RC: I struggle with my students to get them to take notes or pay attention to things that they don’t need right at the moment because they live in such an on-demand kind of culture. You have created an archive—a Dischord archive, a Fugazi archive—and that’s one of the things that I’ve been trying to argue with them is that they need to be holding onto their own stuff and not relying on companies online. So, what was the impetus to build this massive archive of your stuff.

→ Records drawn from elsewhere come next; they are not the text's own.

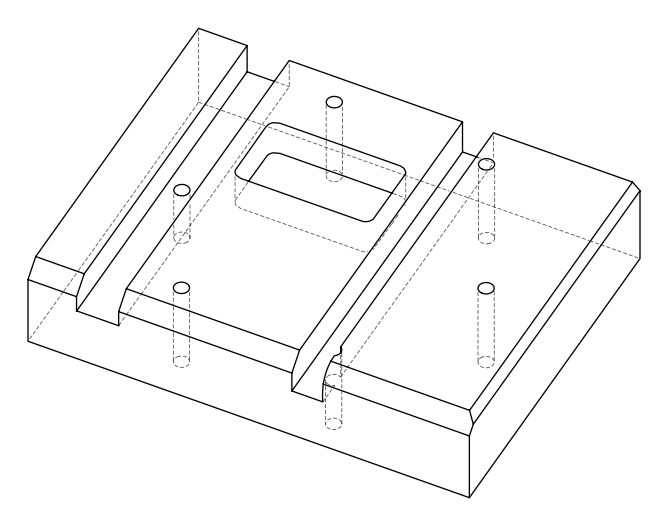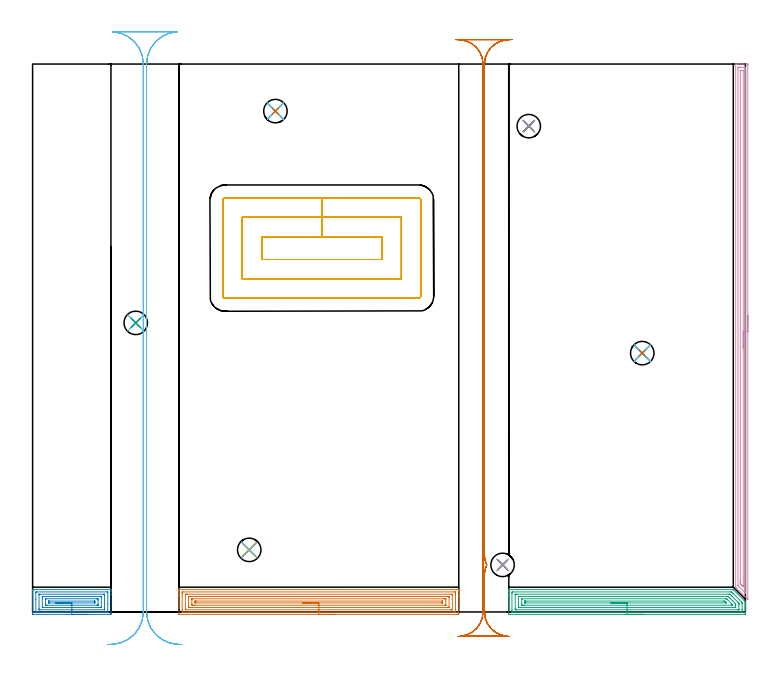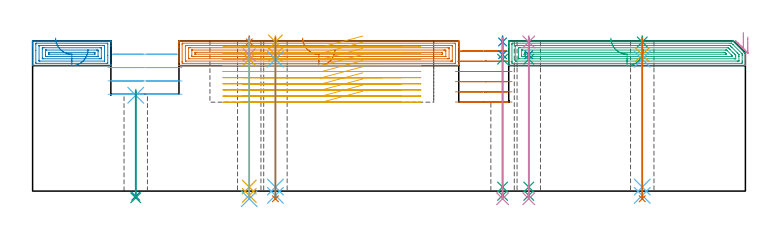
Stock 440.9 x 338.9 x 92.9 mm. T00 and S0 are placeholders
(PLAN: 30 operations, 21 tool changes, 66.1 min)
(1 AREA_MILL | FG_CHAMFER_SURFACE | UGT0205_001 | 8.55 min | 21961 mm3)
(2 AREA_MILL_1 | FG_CHAMFER_SURFACE_1 | UGT0205_001 | 2.57 min | 6525 mm3)
(3 AREA_MILL_2 | FG_CHAMFER_SURFACE_2 | UGT0205_001 | 7.18 min | 17988 mm3)
(4 AREA_MILL_3 | FG_CHAMFER_SURFACE_3 | UGT0205_001 | 8.07 min | 9168 mm3)
(5 MILL_RECTANGULAR_POCKET | POCKET_RECTANGULAR_STRAIGHT | NXT0201_012 | Follow Part, ap 4, ae 75% | 17.92 min | 406882 mm3)
(6 MILL_RECTANGULAR_SLOT | SLOT_RECTANGULAR | UGT0201_019 | Follow Part, ap 10, ae 75% | 6.81 min | 468140 mm3)
(7 MILL_RECTANGULAR_SLOT_1 | SLOT_RECTANGULAR_1 | UGT0201_018 | Follow Part, ap 7.5, ae 75% | 9.76 min | 394603 mm3)
(8 SPOT_DRILL | STEP1HOLE | NXT0321_9005460120000 | 0.03 min | 0 mm3)
(9 SPOT_DRILL_1 | STEP1HOLE_1 | NXT0321_9005460120000 | 0.03 min | 1 mm3)
(10 SPOT_DRILL_2 | STEP1HOLE_2 | NXT0321_9005460120000 | 0.03 min | 70 mm3)
(11 SPOT_DRILL_3 | STEP1HOLE_3 | NXT0321_9005460120000 | 0.03 min | 31 mm3)
(12 SPOT_DRILL_4 | STEP1HOLE_4 | NXT0321_9005460120000 | 0.04 min | 60 mm3)
(13 SPOT_DRILL_5 | STEP1HOLE_5 | NXT0321_9005460120000 | 0.03 min | 35 mm3)
(14 DRILL_BLIND_HOLE_INTO_CENTER | STEP1HOLE | NXT0301_028 | 0.04 min | 0 mm3)
(15 GUN_DRILL_THROUGH_HOLE | STEP1HOLE | UGT0307_001 | 0.45 min | 1082 mm3)
(16 SPADE_DRILL_TO_ENLARGE_THROUGH_HOLE | STEP1HOLE | UGT0306_005 | 0.4 min | 8651 mm3)
(17 DRILL_BLIND_HOLE_INTO_CENTER_1 | STEP1HOLE_1 | NXT0301_028 | 0.04 min | 308 mm3)
(18 GUN_DRILL_THROUGH_HOLE_1 | STEP1HOLE_1 | UGT0307_001 | 0.45 min | 1645 mm3)
(19 SPADE_DRILL_TO_ENLARGE_THROUGH_HOLE_1 | STEP1HOLE_1 | UGT0306_005 | 0.4 min | 13403 mm3)
(20 DRILL_BLIND_HOLE_INTO_CENTER_2 | STEP1HOLE_2 | NXT0301_028 | 0.04 min | 148 mm3)
(21 GUN_DRILL_THROUGH_HOLE_2 | STEP1HOLE_2 | UGT0307_001 | 0.45 min | 1673 mm3)
(22 SPADE_DRILL_TO_ENLARGE_THROUGH_HOLE_2 | STEP1HOLE_2 | UGT0306_005 | 0.4 min | 13491 mm3)
(23 DRILL_BLIND_HOLE_INTO_CENTER_3 | STEP1HOLE_3 | NXT0301_028 | 0.04 min | 145 mm3)
(24 GUN_DRILL_THROUGH_HOLE_3 | STEP1HOLE_3 | UGT0307_001 | 0.45 min | 1656 mm3)
(25 SPADE_DRILL_TO_ENLARGE_THROUGH_HOLE_3 | STEP1HOLE_3 | UGT0306_005 | 0.4 min | 13463 mm3)
(26 DRILL_THROUGH_HOLE_INTO_CENTER | STEP1HOLE_4 | NXT0301_065 | 0.27 min | 4056 mm3)
(27 DRILL_TO_ENLARGE_THROUGH_HOLE | STEP1HOLE_4 | NXT0301_106 | 0.27 min | 5788 mm3)
(28 DRILL_BLIND_HOLE_INTO_CENTER_4 | STEP1HOLE_5 | NXT0301_028 | 0.04 min | 252 mm3)
(29 GUN_DRILL_THROUGH_HOLE_4 | STEP1HOLE_5 | UGT0307_001 | 0.45 min | 1589 mm3)
(30 SPADE_DRILL_TO_ENLARGE_THROUGH_HOLE_4 | STEP1HOLE_5 | UGT0306_005 | 0.4 min | 13410 mm3)
(TOOL UGT0205_001 | Chamfer Mill 20 x 3 x 45 deg. | D20 FL50 Z2)
(TOOL NXT0201_012 | ENDMILL 16mm [2P460-1600-NA 1630] | D16 FL38 Z6)
(TOOL UGT0201_019 | End mill 40 mm | D40 FL63 Z6)
(TOOL UGT0201_018 | End mill 30 mm | D30 FL50 Z4)
(TOOL NXT0321_9005460120000 | NC Spot Drill, 142deg, 12mm, Carbide, Uncoated | D12 PA142 FL30 Z2)
(TOOL NXT0301_028 | Carbide Drill 5.7mm [860.1-0570-046A1-MM 2214] | D5.7 PA140 FL70 Z2)
(TOOL UGT0307_001 | Gun Drill 5 mm | D5 PA130 FL24 Z1)
(TOOL UGT0306_005 | Spade Drill 14.5mm | D14.5 PA132 FL10 Z2)
(TOOL NXT0301_065 | Carbide Drill 9.4mm [860.1-0940-075A1-MM 2214] | D9.4 PA140 FL98 Z2)
(TOOL NXT0301_106 | Carbide Drill 14.5mm [860.1-1450-073A1-MM 2214] | D14.5 PA140 FL83 Z2)
(OP 1 AREA_MILL)
G17 G21 G94 G90
T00 M6
G54
G17 G0 G90 X187.05 Y-1.5 S1061 M3
G43 Z102.9 H0
Z87.6
G94 G1 X187.012 Z86.728 F250.
X186.898 Z85.863
X186.709 Z85.012
X186.447 Z84.18
X186.113 Z83.374
X185.71 Z82.6
X185.242 Z81.864
X184.71 Z81.172
X184.121 Z80.529
X183.478 Z79.939
X182.786 Z79.408
X182.05 Z78.94
X181.276 Z78.537
X180.47 Z78.203
X179.638 Z77.941
X178.786 Z77.752
X177.922 Z77.638
X177.05 Z77.6
X91.083
X90.735 Y-1.496 Z77.602
X90.51 Y-1.491 Z77.605
X90.5 Y-1.262 Z77.835
Y9.703 Z88.797
Y10.316 Z89.414
Y10.591 Z89.688
Y12.367 Z91.462
Y12.916 Z92.015
Y13.255 Z92.354
Y13.464 Z92.563
X90.507 Y13.77 Z92.862
X90.51 Y13.797 Z92.888
X90.638 Y13.8 Z92.9
X263.462
X263.59 Y13.797 Z92.888
X263.593 Y13.77 Z92.862
X263.6 Y13.463 Z92.562
Y12.916 Z92.014
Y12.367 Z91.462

IM: Well, I mean, the Fugazi Live Archive is just one part of a much larger archive of Dischord- and Fugazi-related materials. I think the impetus starts with a very simple reality, which is I am 60 years old, and in my entire life I’ve only lived in three houses. I own two of them, and my dad still lives in the first one. As a result, I didn’t have to make that kind of painful choice about what I’m bringing and what I’m leaving or throwing away. So, there’s that. That’s just a reality. Then my mother was a journalist in the true sense of the word in that she kept journals for 60 of her 70 years. Not only did she keep journals, but she also typed them up and edited them. She kept filing cabinets of journals, letters, correspondence, genealogical work. She was an absolutely brilliant, brilliant person. She had a Panasonic cassette deck, and she would just leave it recording in a room. I used to think it was nice that mom liked to hear our voices when we were away, that she would record us. It wasn’t until she died that I realized, it wasn’t for her. It was for us, so we can hear her voice.

There was an emphasis on the idea of hanging on to things because they would take a different form as time passed. Maybe they would become more important, and you can always throw something away later. It’s not like you have to make that decision today. Later you can put it in the trash, but if you don’t need to throw it away now, then maybe don’t.

My ticket for the only time I ever saw them: Fugazi at the 40 Watt in Athens, Georgia, December 18, 1999.

Then the next level is that I met Jeff Nelson in high school. He was in the Slinkees, and the Teen Idles. He’s my partner at Dischord Records. Jeff is a saver, a collector. I got hit by a car once and years later, I found that he went out and he scooped up all the pieces of the shattered headlight that broke. He still had that stuff. It’s just the way he is. He just has that kind of mentality, which I think resonated with my own tendency. So, both of us were just saving things because we thought they were important. I mean, you have to remember that this why Dischord Records was started: Not because we wanted to have a record label, but because we wanted to document something that was important to us. We didn’t think the world need to have a Teen Idles record. We wanted the Teen Idles record. It was important to us. So, things that were important to us, we hung onto, and we continue hang onto.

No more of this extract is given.